由于以下原因,这不是对线程池的公平测试,

  1. 您根本没有利用池,因为您只有1个线程.
  2. 这项工作太简单了,无法证明合并开销.使用FPP在CPU上进行乘法只需要几个周期.

考虑到以下额外步骤,线程池除了创建对象和运行作业之外还要做,

  1. 将作业放入队列中
  2. 从队列中删除作业
  3. 从池中获取线程并执行作业
  4. 将线程返回池中

当你有一个真正的工作和多个线程时,线程池的好处将是显而易见的.


adr*_*nos 5

您提到的“开销”与 ExecutorService 无关,它是由多个线程在 Math.random 上同步引起的,从而产生锁争用。

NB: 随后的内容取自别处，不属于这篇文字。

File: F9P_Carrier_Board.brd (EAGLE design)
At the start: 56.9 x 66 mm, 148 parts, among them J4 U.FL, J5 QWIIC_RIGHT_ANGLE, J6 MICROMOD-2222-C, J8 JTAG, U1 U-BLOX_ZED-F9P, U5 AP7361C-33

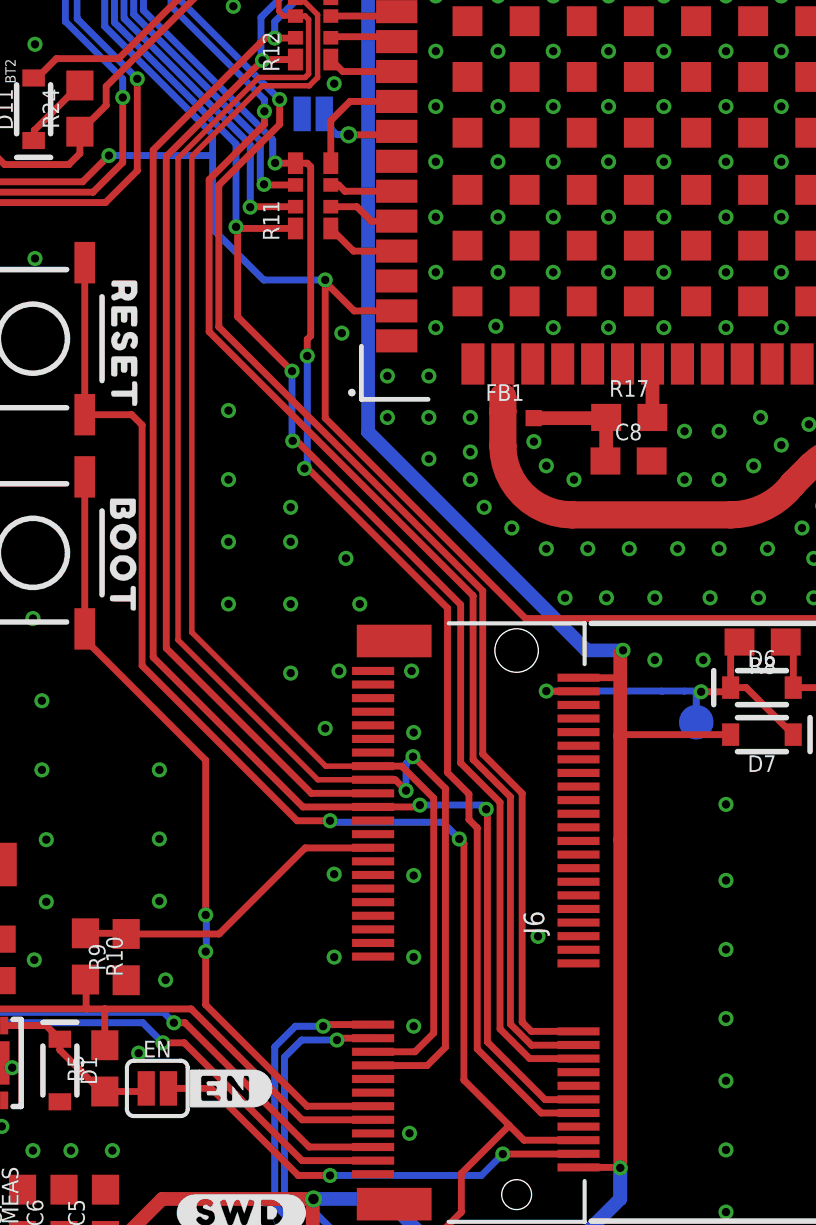
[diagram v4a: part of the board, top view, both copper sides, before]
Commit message: Removes "INT" trace to MicroMod connector
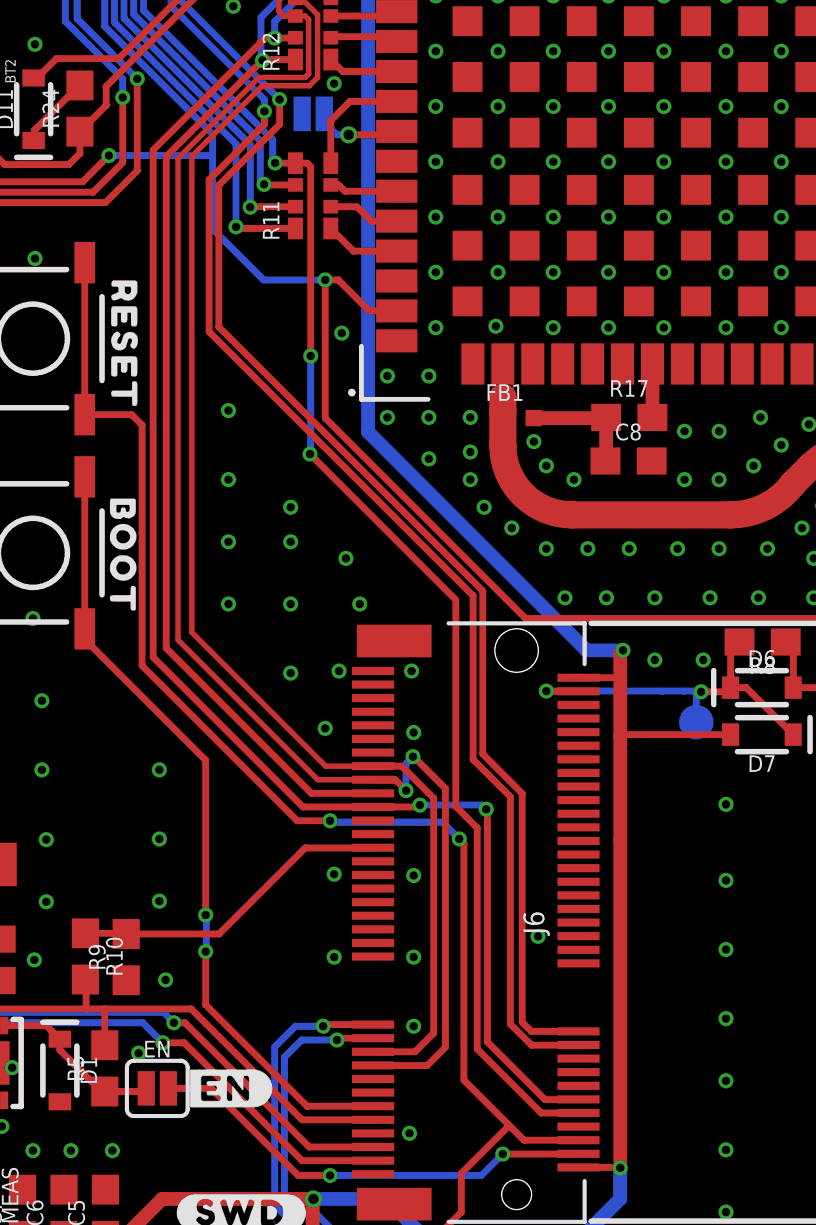
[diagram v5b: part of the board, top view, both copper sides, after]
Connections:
- net INT: no longer J6.18
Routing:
- net INT: track 67.1 -> 30.3 mm, vias 3 -> 1
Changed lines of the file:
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@@
 <wire x1="15.4432" y1="58.2168" x2="9.398" y2="64.262" width="0.254" layer="16"/>
 <contactref element="R11" pad="P8"/>
-<contactref element="J6" pad="18"/>
 <wire x1="22.0961" y1="41.008" x2="19.9706" y2="41.008" width="0.254" layer="1"/>
 <wire x1="19.9706" y1="41.008" x2="19.9125" y2="41.0661" width="0.254" layer="1"/>
-<wire x1="32.501" y1="10.494" x2="30.7048" y2="10.494" width="0.254" layer="1"/>
-<wire x1="30.7048" y1="10.494" x2="29.6164" y2="11.5824" width="0.254" layer="1"/>
-<wire x1="29.6164" y1="11.5824" x2="29.6164" y2="19.9136" width="0.254" layer="1"/>
-<wire x1="29.6164" y1="19.9136" x2="28.1686" y2="21.3614" width="0.254" layer="1"/>
-<wire x1="28.1686" y1="21.3614" x2="28.1686" y2="27.178" width="0.254" layer="1"/>
-<wire x1="28.1686" y1="27.178" x2="22.1488" y2="33.1978" width="0.254" layer="1"/>
-<wire x1="22.1488" y1="33.1978" x2="21.9964" y2="33.1978" width="0.254" layer="1"/>
-<via x="21.9964" y="33.1978" extent="1-16" drill="0.3048"/>
-<wire x1="21.9964" y1="33.1978" x2="21.971" y2="33.2232" width="0.254" layer="16"/>
-<wire x1="21.971" y1="33.2232" x2="21.971" y2="35.7632" width="0.254" layer="16"/>
-<via x="21.971" y="35.7632" extent="1-16" drill="0.3048"/>
-<wire x1="21.971" y1="35.7632" x2="19.9706" y2="37.7636" width="0.254" layer="1"/>
-<wire x1="19.9706" y1="37.7636" x2="19.9706" y2="41.008" width="0.254" layer="1"/>
 </signal>
 <signal name="SDA/!CS!">
@@
 <wire x1="21.3552" y1="43.408" x2="21.3476" y2="43.4156" width="0.254" layer="1"/>
 <wire x1="32.501" y1="8.494" x2="31.13" y2="8.494" width="0.254" layer="1"/>
-<wire x1="28.7782" y1="18.9738" x2="28.4734" y2="19.2786" width="0.254" layer="1"/>
-<wire x1="28.4734" y1="20.2184" x2="27.686" y2="21.0058" width="0.254" layer="1"/>
+<wire x1="28.7782" y1="18.9738" x2="27.9908" y2="19.7612" width="0.254" layer="1"/>
 <wire x1="31.13" y1="8.494" x2="28.7782" y2="10.8458" width="0.254" layer="1"/>
 <wire x1="28.7782" y1="10.8458" x2="28.7782" y2="18.9738" width="0.254" layer="1"/>
-<wire x1="28.4734" y1="19.2786" x2="28.4734" y2="20.2184" width="0.254" layer="1"/>
-<wire x1="27.686" y1="21.0058" x2="27.686" y2="27.051" width="0.254" layer="1"/>
-<wire x1="27.686" y1="27.051" x2="22.5552" y2="32.1818" width="0.254" layer="1"/>
-<wire x1="22.4282" y1="32.1818" x2="22.5552" y2="32.1818" width="0.254" layer="1"/>
-<via x="22.4282" y="32.1818" extent="1-16" drill="0.3048"/>
-<wire x1="22.4282" y1="32.1818" x2="22.5298" y2="32.2834" width="0.254" layer="16"/>
-<wire x1="22.5298" y1="32.2834" x2="22.5298" y2="36.322" width="0.254" layer="16"/>
-<via x="22.5298" y="36.322" extent="1-16" drill="0.3048"/>
+<wire x1="27.9908" y1="19.7612" x2="27.9908" y2="27.3558" width="0.254" layer="1"/>
+<wire x1="27.9908" y1="27.3558" x2="22.6314" y2="32.7152" width="0.254" layer="1"/>
+<via x="22.6314" y="32.7152" extent="1-16" drill="0.3048"/>
+<wire x1="22.6314" y1="32.7152" x2="22.6568" y2="32.7406" width="0.254" layer="16"/>
+<wire x1="22.6568" y1="32.7406" x2="22.6568" y2="36.322" width="0.254" layer="16"/>
+<via x="22.6568" y="36.322" extent="1-16" drill="0.3048"/>
 <wire x1="22.0961" y1="43.408" x2="22.5279" y2="43.408" width="0.254" layer="1"/>
 <wire x1="22.6568" y1="43.2791" x2="22.5279" y2="43.408" width="0.254" layer="1"/>
-<wire x1="22.6568" y1="37.0586" x2="22.6568" y2="43.2791" width="0.254" layer="1"/>
-<wire x1="22.5298" y1="36.322" x2="22.5298" y2="36.9316" width="0.254" layer="1"/>
-<wire x1="22.5298" y1="36.9316" x2="22.6568" y2="37.0586" width="0.254" layer="1"/>
+<wire x1="22.6568" y1="36.322" x2="22.6568" y2="43.2791" width="0.254" layer="1"/>
 </signal>
 <signal name="!SAFEBOOT!">
@@
 <contactref element="U1" pad="53"/>
 <contactref element="J10" pad="1"/>
-<wire x1="25.82" y1="37.977" x2="24.253" y2="37.977" width="0.254" layer="1"/>
-<wire x1="23.1902" y1="39.0398" x2="23.1902" y2="39.116" width="0.254" layer="1"/>
+<wire x1="25.82" y1="37.977" x2="24.8118" y2="37.977" width="0.254" layer="1"/>
 <via x="23.1902" y="39.116" extent="1-16" drill="0.3048"/>
 <wire x1="23.1902" y1="39.116" x2="20.9296" y2="39.116" width="0.254" layer="16"/>
@@
 <wire x1="8.128" y1="62.484" x2="6.35" y2="64.262" width="0.254" layer="16"/>
 <wire x1="15.0876" y1="48.4328" x2="15.0876" y2="57.8866" width="0.254" layer="16"/>
-<wire x1="24.253" y1="37.977" x2="23.1902" y2="39.0398" width="0.254" layer="1"/>
+<wire x1="24.8118" y1="37.977" x2="23.6728" y2="39.116" width="0.254" layer="1"/>
+<wire x1="23.1902" y1="39.116" x2="23.6728" y2="39.116" width="0.254" layer="1"/>
 <wire x1="20.9296" y1="39.116" x2="19.05" y2="40.9956" width="0.254" layer="16"/>
 <wire x1="19.05" y1="40.9956" x2="19.05" y2="43.688" width="0.254" layer="16"/>

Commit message: Adds micromod silk to the board, fixes zed reset silk
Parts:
- added U$61: (no value), bot:##ZED_RESET##9
- added U$62: (no value), top:##ZED_RESET##14
- added U$63: (no value), SparkFun-Aesthetics:SFE_LOGO_FLAME_.3
- U$1: device top:##RESET##11 -> top:##SFBOOT##13
- U$2: device top:##SFBOOT##10 -> bot:##SFBOOT##8
- U$25: device bot:##SFBOOT##8 -> SparkFun-MicroMod:MICROMOD_LOGO_.5
- U$41: device bot:##RESET##9 -> SparkFun-MicroMod:MICROMOD_MI_LOGO_1
- moved LOGO3 51.2 mm to (49.1, 1.78)
- moved U$41 39.1 mm to (12.7, 21.6), turned to 0 degrees
- moved U$25 37.3 mm to (40.6, 36.8), flipped to the bottom, turned to 0 degrees
- moved U$1 2.62 mm to (11.4, 60.1)
- moved D4 1.14 mm to (9.14, 54.9)
- moved R15 0.76 mm to (12.2, 54.2)
- moved R16 0.76 mm to (12.2, 55.5)
- flipped U$2 to the top, turned to 270 degrees
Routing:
- net N$12: track 6.14 -> 5.02 mm
- net N$13: track 6.98 -> 5.88 mm
- net ZED_USB_P: track 19.8 -> 20.6 mm
- net ZED_USB_N: track 20.5 -> 21.3 mm
- net GND: track 9.57 -> 8.94 mm

所以是的,你错过了一些东西(下面的“正确”答案实际上并不正确)。

下面是一些 Java 8 代码,用于演示 8 个线程运行一个没有锁争用的简单函数:

import java.util.ArrayList;
import java.util.List;
import java.util.concurrent.CountDownLatch;
import java.util.concurrent.ExecutorService;
import java.util.concurrent.Executors;
import java.util.concurrent.TimeUnit;
import java.util.function.DoubleFunction;

import com.google.common.base.Stopwatch;

public class ExecServicePerformance {

    private static final int repetitions = 120;
    private static int totalOperations = 250000;
    private static final int cpus = 8;
    private static final List<Batch> batches = batches(cpus);

    private static DoubleFunction<Double> performanceFunc = (double i) -> {return Math.sin(i * 100000 / Math.PI); };

    public static void main( String[] args ) throws InterruptedException {

        printExecutionTime("Synchronous", ExecServicePerformance::synchronous);
        printExecutionTime("Synchronous batches", ExecServicePerformance::synchronousBatches);
        printExecutionTime("Thread per batch", ExecServicePerformance::asynchronousBatches);
        printExecutionTime("Executor pool", ExecServicePerformance::executorPool);

    }

    private static void printExecutionTime(String msg, Runnable f) throws InterruptedException {
        long time = 0;
        for (int i = 0; i < repetitions; i++) {
            Stopwatch stopwatch = Stopwatch.createStarted();
            f.run(); //remember, this is a single-threaded synchronous execution since there is no explicit new thread
            time += stopwatch.elapsed(TimeUnit.MILLISECONDS);
        }
        System.out.println(msg + " exec time: " + time);
    }    

    private static void synchronous() {
        for ( int i = 0; i < totalOperations; i++ ) {
            performanceFunc.apply(i);
        }
    }

    private static void synchronousBatches() {      
        for ( Batch batch : batches) {
            batch.synchronously();
        }
    }

    private static void asynchronousBatches() {

        CountDownLatch cb = new CountDownLatch(cpus);

        for ( Batch batch : batches) {
            Runnable r = () ->  { batch.synchronously(); cb.countDown(); };
            Thread t = new Thread(r);
            t.start();
        }

        try {
            cb.await();
        } catch (InterruptedException e) {
            throw new RuntimeException(e);
        }        
    }

    private static void executorPool() {

        final ExecutorService es = Executors.newFixedThreadPool(cpus);

        for ( Batch batch : batches ) {
            Runnable r = () ->  { batch.synchronously(); };
            es.submit(r);
        }

        es.shutdown();

        try {
            es.awaitTermination( 10, TimeUnit.SECONDS );
        } catch (InterruptedException e) {
            throw new RuntimeException(e);
        } 

    }

    private static List<Batch> batches(final int cpus) {
        List<Batch> list = new ArrayList<Batch>();
        for ( int i = 0; i < cpus; i++ ) {
            list.add( new Batch( totalOperations / cpus ) );
        }
        System.out.println("Batches: " + list.size());
        return list;
    }

    private static class Batch {

        private final int operationsInBatch;

        public Batch( final int ops ) {
            this.operationsInBatch = ops;
        }

        public void synchronously() {
            for ( int i = 0; i < operationsInBatch; i++ ) {
                performanceFunc.apply(i);
            }
        }
    }


}
Run Code Online (Sandbox Code Playgroud)

25k 操作(毫秒)的 120 次测试的结果计时:

  • 同步执行时间:9956
  • 同步批次执行时间:9900
  • 每批执行时间的线程数:2176
  • 执行器池执行时间:1922

获胜者:Executor Service。